Sodium intake may be linked to an increased risk of developing both type 2 diabetes (T2D) and Latent Autoimmune Diabetes in Adults (LADA) says new research being presented at this year's annual meeting of the European Association for the Study of Diabetes (EASD) in Lisbon, Portugal (11-15 Sept).
The main source of sodium in the diet is through salt. Salt (sodium chloride) is 40% sodium, so that for every 2.5g of salt consumed, 1g is sodium. Previous research* has suggested that excessive salt consumption may increase the risk of developing T2D, possibly through a direct effect on insulin resistance, and/or by promoting high blood pressure and weight gain.
LADA is a form of type 1 diabetes (T1D) in which the insulin-producing cells in the pancreas are destroyed by the body's own immune system, but unlike typical T1D it develops very slowly, sometimes over a period of years. This, together with it appearing in later in adulthood, can lead to it being mistakenly diagnosed as T2D.
This study was conducted by Dr Bahareh Rasouli of The Institute of Environmental Medicine (IMM), Karolinska Institutet, Stockholm, Sweden, and colleagues from institutions in both Sweden and Finland, and aimed to discover whether there is a link between sodium intake and the risk of developing T2D or LADA.
The team used data from a Swedish population-based study of risk factors for LADA and T2D, and compared the 355 and 1136 cases of each respectively with a matched group of 1379 individuals from the wider population acting as controls. Dietary intake was recorded using a food questionnaire and used to calculate the daily consumption of calories, nutrients, and sodium. The influence of genetics on autoimmune diabetes risk was also considered, with patients being divided into 'high risk or 'other' according to their HLA genotype. Adjustments were made to account for differences in risk factors including age, sex, BMI, smoking, physical activity, family history of diabetes, alcohol, total energy, and potassium intake.
The study found that sodium intake was associated with an average 65% increase in the risk of developing T2D for each extra gram consumed per day. When dividing participants into three groups of sodium consumption (low under 2.3g; medium 2.3-2.9g; high above 2.9g), the group with highest consumption had a 72% higher risk of developing T2D compared with the lowest consumption group. However, since salt is only 40% sodium by weight, for actual salt consumption the low consumption group is 6.0 grams and under; the medium consumption group is 6.0-7.3g; and the high group is above 7.3 grams per day.
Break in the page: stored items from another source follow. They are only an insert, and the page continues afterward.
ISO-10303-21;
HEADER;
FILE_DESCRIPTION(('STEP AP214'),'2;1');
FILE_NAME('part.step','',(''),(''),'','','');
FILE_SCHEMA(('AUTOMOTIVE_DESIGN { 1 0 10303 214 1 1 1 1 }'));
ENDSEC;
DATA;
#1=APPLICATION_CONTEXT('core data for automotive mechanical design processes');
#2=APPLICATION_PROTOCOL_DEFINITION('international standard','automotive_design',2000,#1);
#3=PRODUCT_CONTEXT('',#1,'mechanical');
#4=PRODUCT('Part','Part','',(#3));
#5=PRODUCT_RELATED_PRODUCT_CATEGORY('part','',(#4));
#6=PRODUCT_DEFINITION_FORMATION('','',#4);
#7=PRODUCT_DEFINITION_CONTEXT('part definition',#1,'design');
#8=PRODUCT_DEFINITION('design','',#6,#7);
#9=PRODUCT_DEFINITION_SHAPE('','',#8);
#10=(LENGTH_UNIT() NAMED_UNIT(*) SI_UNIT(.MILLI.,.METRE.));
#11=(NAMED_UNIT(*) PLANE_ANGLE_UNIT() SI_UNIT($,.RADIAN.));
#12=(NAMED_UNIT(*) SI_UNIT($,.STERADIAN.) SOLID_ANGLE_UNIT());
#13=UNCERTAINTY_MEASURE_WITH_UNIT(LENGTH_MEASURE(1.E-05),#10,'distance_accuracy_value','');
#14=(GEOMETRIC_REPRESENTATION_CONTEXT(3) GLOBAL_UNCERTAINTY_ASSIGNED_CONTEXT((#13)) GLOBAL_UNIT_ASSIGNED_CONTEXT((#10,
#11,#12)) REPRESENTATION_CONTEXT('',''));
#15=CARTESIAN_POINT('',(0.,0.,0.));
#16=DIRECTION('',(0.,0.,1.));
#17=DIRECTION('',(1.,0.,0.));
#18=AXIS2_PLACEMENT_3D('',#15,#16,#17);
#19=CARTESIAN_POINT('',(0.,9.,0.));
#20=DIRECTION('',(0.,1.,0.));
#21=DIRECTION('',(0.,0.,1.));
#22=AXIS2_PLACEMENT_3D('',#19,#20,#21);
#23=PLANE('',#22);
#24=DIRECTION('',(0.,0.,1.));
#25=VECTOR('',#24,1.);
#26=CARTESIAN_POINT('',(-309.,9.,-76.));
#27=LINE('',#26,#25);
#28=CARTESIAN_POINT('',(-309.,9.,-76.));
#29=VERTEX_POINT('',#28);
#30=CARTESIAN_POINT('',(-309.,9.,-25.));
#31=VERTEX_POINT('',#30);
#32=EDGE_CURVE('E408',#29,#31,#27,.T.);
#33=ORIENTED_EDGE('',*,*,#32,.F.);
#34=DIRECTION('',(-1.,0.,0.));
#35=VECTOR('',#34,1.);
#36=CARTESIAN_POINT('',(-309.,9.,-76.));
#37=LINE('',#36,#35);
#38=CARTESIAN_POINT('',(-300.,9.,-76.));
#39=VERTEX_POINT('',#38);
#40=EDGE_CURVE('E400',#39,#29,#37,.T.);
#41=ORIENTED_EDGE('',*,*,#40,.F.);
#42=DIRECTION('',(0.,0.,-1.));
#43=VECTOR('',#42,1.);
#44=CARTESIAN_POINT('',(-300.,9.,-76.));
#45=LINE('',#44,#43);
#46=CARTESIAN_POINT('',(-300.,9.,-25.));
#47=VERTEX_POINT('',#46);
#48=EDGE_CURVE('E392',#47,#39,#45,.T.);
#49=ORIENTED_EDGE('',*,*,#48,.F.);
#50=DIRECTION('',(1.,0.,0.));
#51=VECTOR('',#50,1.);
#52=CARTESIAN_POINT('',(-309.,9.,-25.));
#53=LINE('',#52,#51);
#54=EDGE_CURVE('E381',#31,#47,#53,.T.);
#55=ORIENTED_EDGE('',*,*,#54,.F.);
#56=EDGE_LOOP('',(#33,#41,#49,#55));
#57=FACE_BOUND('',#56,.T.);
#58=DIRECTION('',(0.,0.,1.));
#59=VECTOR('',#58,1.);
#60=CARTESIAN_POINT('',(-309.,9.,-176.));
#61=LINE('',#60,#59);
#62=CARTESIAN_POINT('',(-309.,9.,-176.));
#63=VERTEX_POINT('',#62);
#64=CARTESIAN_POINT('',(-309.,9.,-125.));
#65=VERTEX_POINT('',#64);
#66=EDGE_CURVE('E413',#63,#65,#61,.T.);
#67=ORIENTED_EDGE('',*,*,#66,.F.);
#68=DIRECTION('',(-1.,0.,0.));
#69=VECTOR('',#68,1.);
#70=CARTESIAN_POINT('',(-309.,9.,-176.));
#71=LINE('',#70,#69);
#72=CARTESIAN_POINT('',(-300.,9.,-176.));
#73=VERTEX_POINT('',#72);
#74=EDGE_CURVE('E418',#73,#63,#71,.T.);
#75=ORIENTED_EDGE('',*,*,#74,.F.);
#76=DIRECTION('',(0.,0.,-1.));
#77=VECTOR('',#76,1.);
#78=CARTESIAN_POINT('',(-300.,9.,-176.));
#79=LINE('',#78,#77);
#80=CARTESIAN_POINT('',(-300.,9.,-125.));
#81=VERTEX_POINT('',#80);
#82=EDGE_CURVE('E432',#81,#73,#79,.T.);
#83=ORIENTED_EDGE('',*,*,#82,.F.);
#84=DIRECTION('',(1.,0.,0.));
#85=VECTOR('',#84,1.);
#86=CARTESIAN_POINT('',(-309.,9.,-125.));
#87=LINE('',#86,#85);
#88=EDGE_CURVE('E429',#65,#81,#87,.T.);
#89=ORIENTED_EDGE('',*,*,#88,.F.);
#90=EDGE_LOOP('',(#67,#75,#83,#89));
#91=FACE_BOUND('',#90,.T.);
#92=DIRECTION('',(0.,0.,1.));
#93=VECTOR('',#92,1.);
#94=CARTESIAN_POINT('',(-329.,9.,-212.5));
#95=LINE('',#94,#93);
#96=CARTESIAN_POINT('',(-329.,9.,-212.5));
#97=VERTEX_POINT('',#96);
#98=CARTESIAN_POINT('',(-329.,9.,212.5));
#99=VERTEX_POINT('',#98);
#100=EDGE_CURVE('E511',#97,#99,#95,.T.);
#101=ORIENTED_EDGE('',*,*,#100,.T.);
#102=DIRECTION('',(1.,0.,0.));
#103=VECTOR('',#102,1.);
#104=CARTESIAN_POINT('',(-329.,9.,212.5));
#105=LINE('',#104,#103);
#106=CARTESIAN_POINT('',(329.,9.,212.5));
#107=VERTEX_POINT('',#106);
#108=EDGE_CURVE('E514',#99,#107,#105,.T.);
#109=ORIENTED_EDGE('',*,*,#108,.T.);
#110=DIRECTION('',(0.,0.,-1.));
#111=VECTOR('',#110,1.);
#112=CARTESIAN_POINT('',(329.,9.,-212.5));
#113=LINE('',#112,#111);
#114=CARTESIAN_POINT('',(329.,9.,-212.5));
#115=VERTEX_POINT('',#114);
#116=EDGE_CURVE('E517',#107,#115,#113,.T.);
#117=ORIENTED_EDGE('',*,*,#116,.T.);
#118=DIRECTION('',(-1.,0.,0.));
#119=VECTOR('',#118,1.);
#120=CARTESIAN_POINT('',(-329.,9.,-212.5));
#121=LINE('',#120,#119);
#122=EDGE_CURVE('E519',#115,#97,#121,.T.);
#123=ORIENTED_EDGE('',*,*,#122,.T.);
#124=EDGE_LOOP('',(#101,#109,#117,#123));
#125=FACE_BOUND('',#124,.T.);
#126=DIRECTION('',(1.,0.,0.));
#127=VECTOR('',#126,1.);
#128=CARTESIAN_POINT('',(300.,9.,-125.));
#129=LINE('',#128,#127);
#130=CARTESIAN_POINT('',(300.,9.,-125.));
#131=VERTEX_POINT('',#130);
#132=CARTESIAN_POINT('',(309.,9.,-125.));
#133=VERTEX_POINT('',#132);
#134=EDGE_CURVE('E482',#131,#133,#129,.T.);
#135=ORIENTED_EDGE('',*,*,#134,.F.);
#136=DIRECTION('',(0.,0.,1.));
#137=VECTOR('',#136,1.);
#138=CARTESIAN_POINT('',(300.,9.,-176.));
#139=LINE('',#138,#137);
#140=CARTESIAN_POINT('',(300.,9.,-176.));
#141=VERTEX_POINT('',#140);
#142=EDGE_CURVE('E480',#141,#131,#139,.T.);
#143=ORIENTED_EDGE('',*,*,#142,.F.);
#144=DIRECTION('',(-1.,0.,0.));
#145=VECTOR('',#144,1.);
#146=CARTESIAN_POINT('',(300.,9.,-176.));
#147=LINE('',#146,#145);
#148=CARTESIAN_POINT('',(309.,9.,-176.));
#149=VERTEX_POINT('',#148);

The effect of sodium intake on the risk of developing LADA was even greater, with a 82% rise for each gram consumed per day. Those LADA patients with high risk HLA genotypes whose sodium intake was classed as 'high' (over 2.9 g/day) were almost three times more likely to develop the disease than those consuming the lowest (under 2.3g/day).
The authors conclude: "We confirm an association between sodium intake and type 2 diabetes" and that "high sodium intake may be a risk factor for LADA, especially in carriers of high risk HLA genotypes". They suggest that "These findings may have important implications in the primary prevention of diabetes with adult onset".